Baselines: what evals give you that tests cannot

The central artifact evals produce, and tests do not, is a baseline.

A baseline is a frozen record of system behavior at a moment in time, across a specific set of inputs. It is not itself a correctness judgment. It is a photograph. Later, when the model has changed, or the prompt has changed, or a tool response schema has changed, you take another photograph and compare.

The comparison is what tests cannot do. A test cannot tell you that decisions flipped for 12% of your scenarios, because a test doesn't know what yesterday's decisions were. A baseline can.

The comparison is also what humans cannot easily do at scale. You can read a handful of outputs side by side. You cannot read thousands. The instrument has to do it for you.

This framing reshapes what a mature AI engineering practice looks like. It is no longer enough to write tests and watch for red builds. You also need to capture what the system is doing, record it, and look at the delta when anything in the environment shifts.

Three consequences of taking evals seriously

First, evals should run on a cadence, not only on demand. A baseline is only useful if you have a recent point of comparison. A monthly eval gives you much less actionable signal than a daily or weekly one, because the longer the gap, the harder it is to attribute a delta to a specific change. The right cadence depends on how quickly the environment around your system actually moves.

Second, the delta is often more informative than the absolute number. A report that your system is 97% accurate is less actionable than a report that says 97% and that is down two points from last week. The trend is the signal; a single reading in isolation is harder to act on.
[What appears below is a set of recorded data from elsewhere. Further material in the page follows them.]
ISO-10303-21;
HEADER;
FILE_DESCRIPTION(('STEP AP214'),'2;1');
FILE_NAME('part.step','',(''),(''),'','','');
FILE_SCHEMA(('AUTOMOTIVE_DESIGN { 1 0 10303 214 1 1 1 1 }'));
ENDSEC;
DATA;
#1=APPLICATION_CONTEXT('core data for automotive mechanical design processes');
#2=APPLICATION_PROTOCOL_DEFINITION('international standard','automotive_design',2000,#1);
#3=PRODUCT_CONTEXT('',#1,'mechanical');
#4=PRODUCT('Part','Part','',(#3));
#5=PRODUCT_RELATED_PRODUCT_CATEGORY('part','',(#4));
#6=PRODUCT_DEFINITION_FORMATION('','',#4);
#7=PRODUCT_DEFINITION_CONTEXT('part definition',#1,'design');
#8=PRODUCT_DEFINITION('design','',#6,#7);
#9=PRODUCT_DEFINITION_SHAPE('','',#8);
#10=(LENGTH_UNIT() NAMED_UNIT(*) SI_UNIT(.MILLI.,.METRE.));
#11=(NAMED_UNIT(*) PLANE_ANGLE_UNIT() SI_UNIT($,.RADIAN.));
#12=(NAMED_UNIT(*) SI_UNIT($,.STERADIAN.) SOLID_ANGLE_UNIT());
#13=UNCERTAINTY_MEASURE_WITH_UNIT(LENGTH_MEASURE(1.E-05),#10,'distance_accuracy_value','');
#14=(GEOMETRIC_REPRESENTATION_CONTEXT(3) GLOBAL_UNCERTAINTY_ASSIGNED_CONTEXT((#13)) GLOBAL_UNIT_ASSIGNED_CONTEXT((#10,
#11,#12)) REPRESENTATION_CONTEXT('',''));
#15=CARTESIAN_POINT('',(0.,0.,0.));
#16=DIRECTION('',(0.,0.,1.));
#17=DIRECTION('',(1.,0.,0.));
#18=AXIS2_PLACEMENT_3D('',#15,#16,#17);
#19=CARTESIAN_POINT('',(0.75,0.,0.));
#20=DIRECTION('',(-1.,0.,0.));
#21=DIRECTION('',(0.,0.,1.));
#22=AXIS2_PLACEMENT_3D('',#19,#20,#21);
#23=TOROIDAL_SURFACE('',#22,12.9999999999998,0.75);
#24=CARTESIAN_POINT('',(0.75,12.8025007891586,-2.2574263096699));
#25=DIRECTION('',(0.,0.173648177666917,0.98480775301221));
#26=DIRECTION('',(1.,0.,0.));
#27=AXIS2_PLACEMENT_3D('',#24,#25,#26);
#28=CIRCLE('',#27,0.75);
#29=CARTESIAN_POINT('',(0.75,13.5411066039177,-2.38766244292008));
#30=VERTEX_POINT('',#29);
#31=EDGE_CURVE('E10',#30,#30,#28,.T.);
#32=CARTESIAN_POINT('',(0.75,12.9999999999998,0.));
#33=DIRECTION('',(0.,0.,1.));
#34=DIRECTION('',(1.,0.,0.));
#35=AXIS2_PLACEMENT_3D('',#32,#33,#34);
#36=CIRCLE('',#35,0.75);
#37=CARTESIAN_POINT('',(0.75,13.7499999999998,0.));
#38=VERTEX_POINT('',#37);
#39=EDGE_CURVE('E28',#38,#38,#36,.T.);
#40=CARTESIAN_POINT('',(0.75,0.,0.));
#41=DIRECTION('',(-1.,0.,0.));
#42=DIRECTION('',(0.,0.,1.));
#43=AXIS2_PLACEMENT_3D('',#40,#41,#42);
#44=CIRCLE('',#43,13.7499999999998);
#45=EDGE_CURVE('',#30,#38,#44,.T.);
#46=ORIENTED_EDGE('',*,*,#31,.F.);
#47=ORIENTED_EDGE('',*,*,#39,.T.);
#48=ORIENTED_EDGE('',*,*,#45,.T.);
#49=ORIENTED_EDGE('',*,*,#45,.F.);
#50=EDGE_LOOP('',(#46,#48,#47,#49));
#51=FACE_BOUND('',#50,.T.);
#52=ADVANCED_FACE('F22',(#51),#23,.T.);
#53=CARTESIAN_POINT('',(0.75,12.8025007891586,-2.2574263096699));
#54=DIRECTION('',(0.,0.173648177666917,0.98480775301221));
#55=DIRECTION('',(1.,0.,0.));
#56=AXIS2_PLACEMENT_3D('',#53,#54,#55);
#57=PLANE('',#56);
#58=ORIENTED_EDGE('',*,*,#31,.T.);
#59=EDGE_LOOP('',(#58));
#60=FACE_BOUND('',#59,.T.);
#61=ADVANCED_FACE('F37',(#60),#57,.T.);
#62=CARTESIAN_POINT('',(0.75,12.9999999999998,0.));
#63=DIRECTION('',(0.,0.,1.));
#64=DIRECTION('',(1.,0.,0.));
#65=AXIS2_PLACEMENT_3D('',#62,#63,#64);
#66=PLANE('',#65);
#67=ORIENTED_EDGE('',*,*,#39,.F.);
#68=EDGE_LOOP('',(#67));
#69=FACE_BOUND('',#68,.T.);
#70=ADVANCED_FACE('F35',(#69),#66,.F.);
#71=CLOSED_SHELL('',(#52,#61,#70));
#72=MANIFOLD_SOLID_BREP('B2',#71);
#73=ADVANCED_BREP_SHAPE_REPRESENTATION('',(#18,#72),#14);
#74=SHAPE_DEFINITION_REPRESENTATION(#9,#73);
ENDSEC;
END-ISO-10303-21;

Third, evals inform deployment gates, not only dashboards. The point of detecting change is to prevent bad changes from reaching production. That requires the eval loop to be wired into whatever promotes models, prompts, and configurations. A human watching a dashboard weekly is a start — but for higher-stakes systems the loop should close automatically, with humans inspecting flagged diffs rather than browsing charts.

None of this is revolutionary. All of it is more investment than the testing infrastructure most teams currently have.

Closing

The underlying observation is simple. Software engineering evolved a set of practices under the assumption that substrate changes are announced, versioned, and human-initiated. Production AI relaxes that assumption in ways that vary by stakes and by provider policy — but rarely in your favor when it matters.

Tests are not going away. They still encode intent. They still catch errors you had the foresight to anticipate. What tests cannot do — and what you now need, at least for systems where decisions carry real weight — is tell you when the system behaves differently than it did yesterday, even when that difference does not cross a specification boundary.

Evals are the discipline for that question. Treat them as the measurement layer they are, run them continuously, and care about the delta as much as the absolute value. The outputs of a production AI system can drift whether you look or not. The only real choice is whether you see the drift before your users do.